From 84 subjects undergoing colonoscopic examination (including 31 with colorectal carcinoma, 26 with colorectal adenoma, and 27 healthy subjects) between October, 2003 and March, 2004, 5 ml of heparinized peripheral blood and 3-5 g fecal specimens were collected. The DNA was extracted from the specimens for detecting the mutation of APC and K-ras gene using polymerase chain reaction-single strand conformation polymorphism and the results were analyzed statistically.

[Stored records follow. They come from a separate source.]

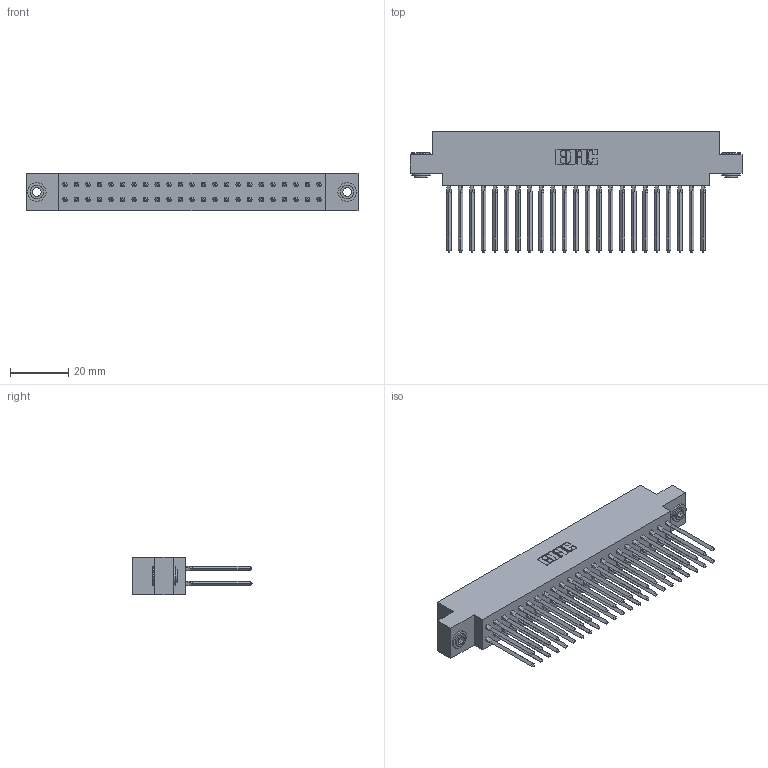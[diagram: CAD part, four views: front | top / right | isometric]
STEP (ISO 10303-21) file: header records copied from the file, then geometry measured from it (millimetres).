
FILE_DESCRIPTION (( 'STEP AP203' ), '1' );
FILE_NAME ('317-046-543-803.STEP', '2020-02-28T02:34:22', ( '' ), ( '' ), 'SwSTEP 2.0', 'SolidWorks 2016', '' );
FILE_SCHEMA (( 'CONFIG_CONTROL_DESIGN' ));
Length unit declared in the file: inch
Products named in the file (4): 317-046-543-803; 345-250-002_345-250-002-102; 317-290-001_543; 317 Part_.156 Dia - TH
Assembly tree (49 placements, depth 2):
  317-046-543-803
    317 Part_.156 Dia - TH
    317-290-001_543  x46
    345-250-002_345-250-002-102  x2
Bounding box: 113.84 x 41.15 x 12.7 mm (x, y, z)
Volume: 18712.3 mm3; surface area: 27853.9 mm2
Topology: 49 solids, 49 shells, 4234 faces, 11713 edges, 7544 vertices
Faces by surface type: plane 3426, cylinder 616, bspline 184, cone 8
Entity records: 36547 total; most frequent: CARTESIAN_POINT 6758, ORIENTED_EDGE 6250, DIRECTION 5257, EDGE_CURVE 3125, VECTOR 2845, LINE 2845, VERTEX_POINT 2075, AXIS2_PLACEMENT_3D 1206
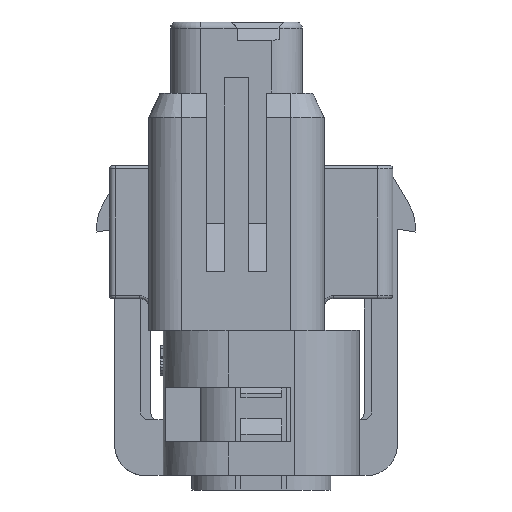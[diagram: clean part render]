
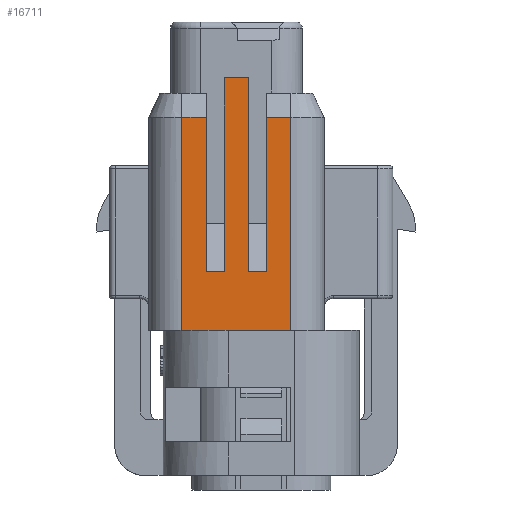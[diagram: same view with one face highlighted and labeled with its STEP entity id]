
A CAD part, left-side view. The second image highlights one B-rep face of the part: STEP entity #16711.
In plain terms, the highlighted planar face has unit normal (-1, 0, 0).
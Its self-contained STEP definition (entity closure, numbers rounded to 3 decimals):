
#441 = EDGE_CURVE ( 'NONE', #10608, #21295, #20550, .T. ) ;
#580 = CARTESIAN_POINT ( 'NONE',  ( 1.1, 5.225, -22.03 ) ) ;
#732 = CARTESIAN_POINT ( 'NONE',  ( 1.1, 8.025, -16.93 ) ) ;
#757 = VERTEX_POINT ( 'NONE', #17937 ) ;
#802 = EDGE_CURVE ( 'NONE', #19873, #4612, #11792, .T. ) ;
#1665 = CARTESIAN_POINT ( 'NONE',  ( 1.1, 8.025, -23.98 ) ) ;
#1708 = ORIENTED_EDGE ( 'NONE', *, *, #802, .T. ) ;
#2025 = DIRECTION ( 'NONE',  ( 0., 0., -1. ) ) ;
#2891 = CARTESIAN_POINT ( 'NONE',  ( 1.1, 5.225, -22.03 ) ) ;
#3523 = LINE ( 'NONE', #12920, #27423 ) ;
#3680 = LINE ( 'NONE', #19801, #27784 ) ;
#3710 = DIRECTION ( 'NONE',  ( 0., 0., 1. ) ) ;
#4612 = VERTEX_POINT ( 'NONE', #21154 ) ;
#5199 = EDGE_CURVE ( 'NONE', #757, #26877, #5880, .T. ) ;
#5349 = LINE ( 'NONE', #23602, #12140 ) ;
#5592 = ORIENTED_EDGE ( 'NONE', *, *, #7606, .T. ) ;
#5880 = LINE ( 'NONE', #6030, #22195 ) ;
#6030 = CARTESIAN_POINT ( 'NONE',  ( 1.1, 6.625, -15.63 ) ) ;
#6284 = DIRECTION ( 'NONE',  ( 0., 0., -1. ) ) ;
#6946 = DIRECTION ( 'NONE',  ( 0., -1., 0. ) ) ;
#7002 = DIRECTION ( 'NONE',  ( 0., 1., 0. ) ) ;
#7567 = CARTESIAN_POINT ( 'NONE',  ( 1.1, 9.125, -23.98 ) ) ;
#7606 = EDGE_CURVE ( 'NONE', #26851, #19873, #19950, .T. ) ;
#8028 = ORIENTED_EDGE ( 'NONE', *, *, #29491, .T. ) ;
#9180 = CARTESIAN_POINT ( 'NONE',  ( 1.1, 5.225, -16.93 ) ) ;
#9664 = DIRECTION ( 'NONE',  ( 0., 1., 0. ) ) ;
#10262 = CARTESIAN_POINT ( 'NONE',  ( 1.1, 5.825, -22.03 ) ) ;
#10273 = CARTESIAN_POINT ( 'NONE',  ( 1.1, 7.225, -16.93 ) ) ;
#10608 = VERTEX_POINT ( 'NONE', #11799 ) ;
#10963 = LINE ( 'NONE', #20088, #18674 ) ;
#11035 = ORIENTED_EDGE ( 'NONE', *, *, #5199, .F. ) ;
#11036 = ORIENTED_EDGE ( 'NONE', *, *, #17766, .F. ) ;
#11041 = EDGE_CURVE ( 'NONE', #23760, #14618, #23592, .T. ) ;
#11792 = LINE ( 'NONE', #25142, #23387 ) ;
#11799 = CARTESIAN_POINT ( 'NONE',  ( 1.1, 5.225, -16.93 ) ) ;
#12140 = VECTOR ( 'NONE', #7002, 1000. ) ;
#12628 = DIRECTION ( 'NONE',  ( 0., 0., 1. ) ) ;
#12920 = CARTESIAN_POINT ( 'NONE',  ( 1.1, 4.425, -16.93 ) ) ;
#13033 = CARTESIAN_POINT ( 'NONE',  ( 1.1, 8.025, -16.93 ) ) ;
#13063 = DIRECTION ( 'NONE',  ( 0., 0., -1. ) ) ;
#14212 = CARTESIAN_POINT ( 'NONE',  ( 1.1, 5.825, -22.03 ) ) ;
#14234 = EDGE_CURVE ( 'NONE', #26851, #18443, #22022, .T. ) ;
#14437 = DIRECTION ( 'NONE',  ( -1., 0., 0. ) ) ;
#14618 = VERTEX_POINT ( 'NONE', #14212 ) ;
#14860 = VERTEX_POINT ( 'NONE', #27520 ) ;
#15132 = DIRECTION ( 'NONE',  ( 0., -1., 0. ) ) ;
#15612 = ORIENTED_EDGE ( 'NONE', *, *, #19949, .T. ) ;
#15834 = ORIENTED_EDGE ( 'NONE', *, *, #17789, .T. ) ;
#16240 = VECTOR ( 'NONE', #3710, 1000. ) ;
#16407 = VECTOR ( 'NONE', #21612, 1000. ) ;
#16528 = FACE_OUTER_BOUND ( 'NONE', #17778, .T. ) ;
#16694 = LINE ( 'NONE', #10262, #16240 ) ;
#16711 = ADVANCED_FACE ( 'NONE', ( #16528 ), #28081, .T. ) ;
#17409 = CARTESIAN_POINT ( 'NONE',  ( 1.1, 8.025, -16.93 ) ) ;
#17766 = EDGE_CURVE ( 'NONE', #21295, #4612, #3523, .T. ) ;
#17778 = EDGE_LOOP ( 'NONE', ( #24848, #18013, #8028, #11035, #15612, #27371, #15834, #19973, #5592, #1708, #11036, #29593 ) ) ;
#17789 = EDGE_CURVE ( 'NONE', #14860, #18443, #3680, .T. ) ;
#17868 = EDGE_CURVE ( 'NONE', #10608, #23760, #10963, .T. ) ;
#17937 = CARTESIAN_POINT ( 'NONE',  ( 1.1, 6.625, -15.63 ) ) ;
#18013 = ORIENTED_EDGE ( 'NONE', *, *, #11041, .T. ) ;
#18443 = VERTEX_POINT ( 'NONE', #10273 ) ;
#18674 = VECTOR ( 'NONE', #2025, 1000. ) ;
#19801 = CARTESIAN_POINT ( 'NONE',  ( 1.1, 7.225, -22.03 ) ) ;
#19873 = VERTEX_POINT ( 'NONE', #1665 ) ;
#19949 = EDGE_CURVE ( 'NONE', #757, #27227, #22439, .T. ) ;
#19950 = LINE ( 'NONE', #17409, #16407 ) ;
#19973 = ORIENTED_EDGE ( 'NONE', *, *, #14234, .F. ) ;
#20088 = CARTESIAN_POINT ( 'NONE',  ( 1.1, 5.225, -16.93 ) ) ;
#20172 = CARTESIAN_POINT ( 'NONE',  ( 1.1, 6.625, -15.63 ) ) ;
#20550 = LINE ( 'NONE', #9180, #24503 ) ;
#20567 = CARTESIAN_POINT ( 'NONE',  ( 1.1, 6.625, -22.03 ) ) ;
#21154 = CARTESIAN_POINT ( 'NONE',  ( 1.1, 4.425, -23.98 ) ) ;
#21295 = VERTEX_POINT ( 'NONE', #27674 ) ;
#21329 = DIRECTION ( 'NONE',  ( 0., -1., 0. ) ) ;
#21612 = DIRECTION ( 'NONE',  ( 0., 0., -1. ) ) ;
#21883 = DIRECTION ( 'NONE',  ( 0., -1., 0. ) ) ;
#22022 = LINE ( 'NONE', #13033, #27054 ) ;
#22195 = VECTOR ( 'NONE', #15132, 1000. ) ;
#22326 = VECTOR ( 'NONE', #6284, 1000. ) ;
#22439 = LINE ( 'NONE', #20172, #22326 ) ;
#22748 = DIRECTION ( 'NONE',  ( 0., -1., 0. ) ) ;
#23142 = CARTESIAN_POINT ( 'NONE',  ( 1.1, 5.825, -15.63 ) ) ;
#23387 = VECTOR ( 'NONE', #22748, 1000. ) ;
#23592 = LINE ( 'NONE', #580, #28258 ) ;
#23602 = CARTESIAN_POINT ( 'NONE',  ( 1.1, 6.625, -22.03 ) ) ;
#23760 = VERTEX_POINT ( 'NONE', #2891 ) ;
#24028 = AXIS2_PLACEMENT_3D ( 'NONE', #7567, #14437, #21329 ) ;
#24503 = VECTOR ( 'NONE', #6946, 1000. ) ;
#24565 = EDGE_CURVE ( 'NONE', #27227, #14860, #5349, .T. ) ;
#24848 = ORIENTED_EDGE ( 'NONE', *, *, #17868, .T. ) ;
#25142 = CARTESIAN_POINT ( 'NONE',  ( 1.1, 8.025, -23.98 ) ) ;
#26851 = VERTEX_POINT ( 'NONE', #732 ) ;
#26877 = VERTEX_POINT ( 'NONE', #23142 ) ;
#27054 = VECTOR ( 'NONE', #21883, 1000. ) ;
#27227 = VERTEX_POINT ( 'NONE', #20567 ) ;
#27371 = ORIENTED_EDGE ( 'NONE', *, *, #24565, .T. ) ;
#27423 = VECTOR ( 'NONE', #13063, 1000. ) ;
#27520 = CARTESIAN_POINT ( 'NONE',  ( 1.1, 7.225, -22.03 ) ) ;
#27674 = CARTESIAN_POINT ( 'NONE',  ( 1.1, 4.425, -16.93 ) ) ;
#27784 = VECTOR ( 'NONE', #12628, 1000. ) ;
#28081 = PLANE ( 'NONE',  #24028 ) ;
#28258 = VECTOR ( 'NONE', #9664, 1000. ) ;
#29491 = EDGE_CURVE ( 'NONE', #14618, #26877, #16694, .T. ) ;
#29593 = ORIENTED_EDGE ( 'NONE', *, *, #441, .F. ) ;
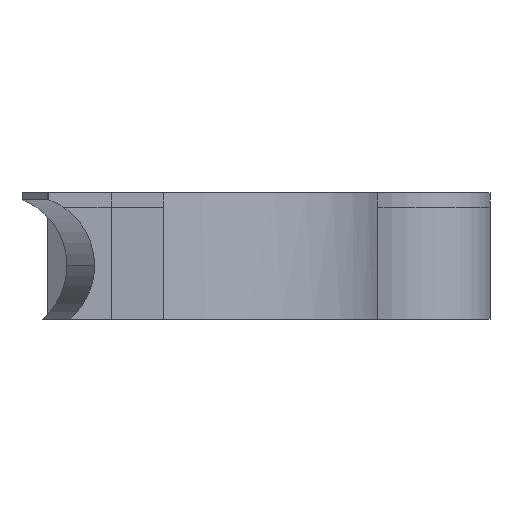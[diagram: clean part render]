
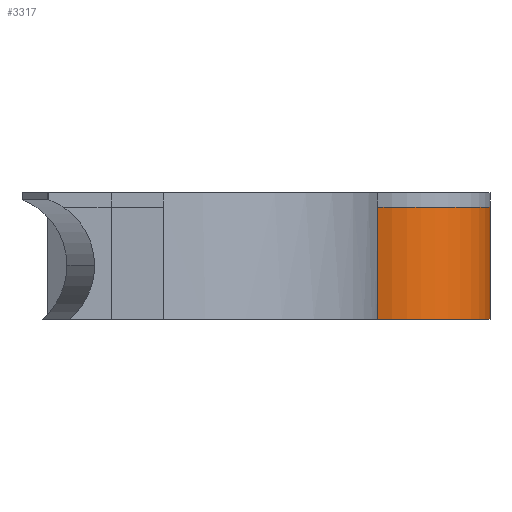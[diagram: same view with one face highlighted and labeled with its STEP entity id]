
A CAD part, left-side view. The second image highlights one B-rep face of the part: STEP entity #3317.
In plain terms, the highlighted cylindrical face has radius 6 mm (diameter 12 mm), a partial arc.
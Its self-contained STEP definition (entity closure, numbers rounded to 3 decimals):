
#795 = VERTEX_POINT('',#796);
#796 = CARTESIAN_POINT('',(42.343,0.,0.)
  );
#847 = PLANE('',#848);
#848 = AXIS2_PLACEMENT_3D('',#849,#850,#851);
#849 = CARTESIAN_POINT('',(0.,0.,0.));
#850 = DIRECTION('',(0.,1.,0.));
#851 = DIRECTION('',(1.,0.,0.));
#1685 = VERTEX_POINT('',#1686);
#1686 = CARTESIAN_POINT('',(42.343,0.,8.));
#1707 = EDGE_CURVE('',#795,#1685,#1708,.T.);
#1708 = SURFACE_CURVE('',#1709,(#1713,#1719),.PCURVE_S1.);
#1709 = LINE('',#1710,#1711);
#1710 = CARTESIAN_POINT('',(42.343,0.,8.));
#1711 = VECTOR('',#1712,1.);
#1712 = DIRECTION('',(0.,0.,1.));
#1713 = PCURVE('',#847,#1714);
#1714 = DEFINITIONAL_REPRESENTATION('',(#1715),#1718);
#1715 = B_SPLINE_CURVE_WITH_KNOTS('',1,(#1716,#1717),.UNSPECIFIED.,.F.,
  .F.,(2,2),(-8.,0.),.PIECEWISE_BEZIER_KNOTS.);
#1716 = CARTESIAN_POINT('',(42.343,0.));
#1717 = CARTESIAN_POINT('',(42.343,-8.));
#1718 = ( GEOMETRIC_REPRESENTATION_CONTEXT(2) 
PARAMETRIC_REPRESENTATION_CONTEXT() REPRESENTATION_CONTEXT('2D SPACE',''
  ) );
#1719 = PCURVE('',#1720,#1725);
#1720 = CYLINDRICAL_SURFACE('',#1721,6.);
#1721 = AXIS2_PLACEMENT_3D('',#1722,#1723,#1724);
#1722 = CARTESIAN_POINT('',(48.,-2.,8.));
#1723 = DIRECTION('',(0.,0.,1.));
#1724 = DIRECTION('',(1.,0.,0.));
#1725 = DEFINITIONAL_REPRESENTATION('',(#1726),#1729);
#1726 = B_SPLINE_CURVE_WITH_KNOTS('',1,(#1727,#1728),.UNSPECIFIED.,.F.,
  .F.,(2,2),(-8.,0.),.PIECEWISE_BEZIER_KNOTS.);
#1727 = CARTESIAN_POINT('',(2.802,-8.));
#1728 = CARTESIAN_POINT('',(2.802,0.));
#1729 = ( GEOMETRIC_REPRESENTATION_CONTEXT(2) 
PARAMETRIC_REPRESENTATION_CONTEXT() REPRESENTATION_CONTEXT('2D SPACE',''
  ) );
#1843 = PLANE('',#1844);
#1844 = AXIS2_PLACEMENT_3D('',#1845,#1846,#1847);
#1845 = CARTESIAN_POINT('',(54.,-2.,0.));
#1846 = DIRECTION('',(0.,0.,-1.));
#1847 = DIRECTION('',(-1.,0.,0.));
#2028 = CYLINDRICAL_SURFACE('',#2029,6.);
#2029 = AXIS2_PLACEMENT_3D('',#2030,#2031,#2032);
#2030 = CARTESIAN_POINT('',(48.,-2.,8.));
#2031 = DIRECTION('',(0.,0.,1.));
#2032 = DIRECTION('',(1.,0.,0.));
#2433 = CYLINDRICAL_SURFACE('',#2434,6.);
#2434 = AXIS2_PLACEMENT_3D('',#2435,#2436,#2437);
#2435 = CARTESIAN_POINT('',(48.,-2.,8.));
#2436 = DIRECTION('',(0.,0.,-1.));
#2437 = DIRECTION('',(1.,0.,0.));
#3317 = ADVANCED_FACE('',(#3318),#1720,.T.);
#3318 = FACE_BOUND('',#3319,.T.);
#3319 = EDGE_LOOP('',(#3320,#3345,#3367,#3368));
#3320 = ORIENTED_EDGE('',*,*,#3321,.F.);
#3321 = EDGE_CURVE('',#3322,#3324,#3326,.T.);
#3322 = VERTEX_POINT('',#3323);
#3323 = CARTESIAN_POINT('',(54.,-2.,8.));
#3324 = VERTEX_POINT('',#3325);
#3325 = CARTESIAN_POINT('',(54.,-2.,0.));
#3326 = SURFACE_CURVE('',#3327,(#3331,#3338),.PCURVE_S1.);
#3327 = LINE('',#3328,#3329);
#3328 = CARTESIAN_POINT('',(54.,-2.,8.));
#3329 = VECTOR('',#3330,1.);
#3330 = DIRECTION('',(0.,0.,-1.));
#3331 = PCURVE('',#1720,#3332);
#3332 = DEFINITIONAL_REPRESENTATION('',(#3333),#3337);
#3333 = LINE('',#3334,#3335);
#3334 = CARTESIAN_POINT('',(6.283,0.));
#3335 = VECTOR('',#3336,1.);
#3336 = DIRECTION('',(0.,-1.));
#3337 = ( GEOMETRIC_REPRESENTATION_CONTEXT(2) 
PARAMETRIC_REPRESENTATION_CONTEXT() REPRESENTATION_CONTEXT('2D SPACE',''
  ) );
#3338 = PCURVE('',#2028,#3339);
#3339 = DEFINITIONAL_REPRESENTATION('',(#3340),#3344);
#3340 = LINE('',#3341,#3342);
#3341 = CARTESIAN_POINT('',(0.,0.));
#3342 = VECTOR('',#3343,1.);
#3343 = DIRECTION('',(0.,-1.));
#3344 = ( GEOMETRIC_REPRESENTATION_CONTEXT(2) 
PARAMETRIC_REPRESENTATION_CONTEXT() REPRESENTATION_CONTEXT('2D SPACE',''
  ) );
#3345 = ORIENTED_EDGE('',*,*,#3346,.F.);
#3346 = EDGE_CURVE('',#1685,#3322,#3347,.T.);
#3347 = SURFACE_CURVE('',#3348,(#3353,#3360),.PCURVE_S1.);
#3348 = CIRCLE('',#3349,6.);
#3349 = AXIS2_PLACEMENT_3D('',#3350,#3351,#3352);
#3350 = CARTESIAN_POINT('',(48.,-2.,8.));
#3351 = DIRECTION('',(0.,0.,1.));
#3352 = DIRECTION('',(1.,0.,0.));
#3353 = PCURVE('',#1720,#3354);
#3354 = DEFINITIONAL_REPRESENTATION('',(#3355),#3359);
#3355 = LINE('',#3356,#3357);
#3356 = CARTESIAN_POINT('',(0.,0.));
#3357 = VECTOR('',#3358,1.);
#3358 = DIRECTION('',(1.,0.));
#3359 = ( GEOMETRIC_REPRESENTATION_CONTEXT(2) 
PARAMETRIC_REPRESENTATION_CONTEXT() REPRESENTATION_CONTEXT('2D SPACE',''
  ) );
#3360 = PCURVE('',#2433,#3361);
#3361 = DEFINITIONAL_REPRESENTATION('',(#3362),#3366);
#3362 = LINE('',#3363,#3364);
#3363 = CARTESIAN_POINT('',(0.,0.));
#3364 = VECTOR('',#3365,1.);
#3365 = DIRECTION('',(-1.,0.));
#3366 = ( GEOMETRIC_REPRESENTATION_CONTEXT(2) 
PARAMETRIC_REPRESENTATION_CONTEXT() REPRESENTATION_CONTEXT('2D SPACE',''
  ) );
#3367 = ORIENTED_EDGE('',*,*,#1707,.F.);
#3368 = ORIENTED_EDGE('',*,*,#3369,.T.);
#3369 = EDGE_CURVE('',#795,#3324,#3370,.T.);
#3370 = SURFACE_CURVE('',#3371,(#3376,#3383),.PCURVE_S1.);
#3371 = CIRCLE('',#3372,6.);
#3372 = AXIS2_PLACEMENT_3D('',#3373,#3374,#3375);
#3373 = CARTESIAN_POINT('',(48.,-2.,0.));
#3374 = DIRECTION('',(0.,0.,1.));
#3375 = DIRECTION('',(1.,0.,0.));
#3376 = PCURVE('',#1720,#3377);
#3377 = DEFINITIONAL_REPRESENTATION('',(#3378),#3382);
#3378 = LINE('',#3379,#3380);
#3379 = CARTESIAN_POINT('',(0.,-8.));
#3380 = VECTOR('',#3381,1.);
#3381 = DIRECTION('',(1.,0.));
#3382 = ( GEOMETRIC_REPRESENTATION_CONTEXT(2) 
PARAMETRIC_REPRESENTATION_CONTEXT() REPRESENTATION_CONTEXT('2D SPACE',''
  ) );
#3383 = PCURVE('',#1843,#3384);
#3384 = DEFINITIONAL_REPRESENTATION('',(#3385),#3393);
#3385 = ( BOUNDED_CURVE() B_SPLINE_CURVE(2,(#3386,#3387,#3388,#3389,
#3390,#3391,#3392),.UNSPECIFIED.,.F.,.F.) B_SPLINE_CURVE_WITH_KNOTS((1,2
    ,2,2,2,1),(-2.094,0.,2.094,4.189,
6.283,8.378),.UNSPECIFIED.) CURVE() 
GEOMETRIC_REPRESENTATION_ITEM() RATIONAL_B_SPLINE_CURVE((1.,0.5,1.,0.5,
1.,0.5,1.)) REPRESENTATION_ITEM('') );
#3386 = CARTESIAN_POINT('',(0.,0.));
#3387 = CARTESIAN_POINT('',(0.,10.392));
#3388 = CARTESIAN_POINT('',(9.,5.196));
#3389 = CARTESIAN_POINT('',(18.,0.));
#3390 = CARTESIAN_POINT('',(9.,-5.196));
#3391 = CARTESIAN_POINT('',(0.,-10.392));
#3392 = CARTESIAN_POINT('',(0.,0.));
#3393 = ( GEOMETRIC_REPRESENTATION_CONTEXT(2) 
PARAMETRIC_REPRESENTATION_CONTEXT() REPRESENTATION_CONTEXT('2D SPACE',''
  ) );

(1) The incidence of APC gene mutation was 41.9% and 57.7% in the plasma, and 34.8% and 26.8% in the fecal specimens of colorectal carcinoma patients and adenoma patients, respectively, both higher than that in normal subjects (P<0.05), suggesting high consistency between fecal and plasma APC gene mutation detection (K=0.811, P<0.05). (2) The incidence of plasma K-ras mutation was 48.4% in colorectal carcinoma patients, 3.8% in adenoma patients and 0% in normal control subjects, and in the feces, the incidences were 54.8%, 7.7% and 11.1%, respectively. The mutation rate was higher in carcinoma patients than in adenoma patients and normal subjects (P<0.05). Fecal K-ras gene mutation detection was consistent with plasma detection (K=0.662, P=0.000). (3) APC gene mutation detection showed a low sensitivity and specificity in the diagnosis of colorectal carcinoma, but K-ras mutation detection showed a high specificity. The diagnostic sensitivity increased when combining APC and K-ras gene detection in the plasma or fecal specimens, but there was no evidence to suggest that APC and K-ras mutation detection in the plasma could be better than detection in the feces. (4) For colorectal carcinoma, APC gene mutation is associated with lymphoid node metastasis, but not with the patient's gender, age, tumor location, differentiation, distant organ metastasis or CEA level (P>0.05), and the mutation of K-ras gene is related to the degree of tumor differentiation.
探讨粪便和血液样本中腺瘤性息肉病(APC)基因及K-ras基因突变检测在结直肠肿瘤筛查中的价值。
选取2003年10月至2004年3月间接受结肠镜检查的84例受试者(包括31例结直肠癌患者、26例结直肠腺瘤患者和27例健康受试者),采集5ml肝素抗凝外周血及3 - 5g粪便标本。从标本中提取DNA,采用聚合酶链反应-单链构象多态性方法检测APC和K-ras基因的突变情况,并进行统计学分析。
(1)结直肠癌患者血浆中APC基因突变发生率为41.9%,粪便标本中为34.8%;腺瘤患者血浆中APC基因突变发生率为57.7%,粪便标本中为26.8%,均高于正常受试者(P<0.05),提示粪便和血浆中APC基因突变检测具有较高一致性(K = 0.811,P<0.05)。(2)结直肠癌患者血浆中K-ras基因突变发生率为48.4%,腺瘤患者为3.8%,正常对照受试者为0%;粪便中K-ras基因突变发生率分别为54.8%、7.7%和11.1%。癌患者的突变率高于腺瘤患者和正常受试者(P<0.05)。粪便K-ras基因突变检测与血浆检测结果一致(K = 0.662,P = 0.000)。(3)APC基因突变检测在结直肠癌诊断中的敏感性和特异性较低,但K-ras基因突变检测具有较高的特异性。血浆或粪便标本中联合检测APC和K-ras基因时诊断敏感性增加,但无证据表明血浆中APC和K-ras基因突变检测优于粪便检测。(4)对于结直肠癌,APC基因突变与淋巴结转移相关,但与患者性别、年龄、肿瘤部位、分化程度、远处器官转移或癌胚抗原(CEA)水平无关(P>0.05),而K-ras基因突变与肿瘤分化程度有关。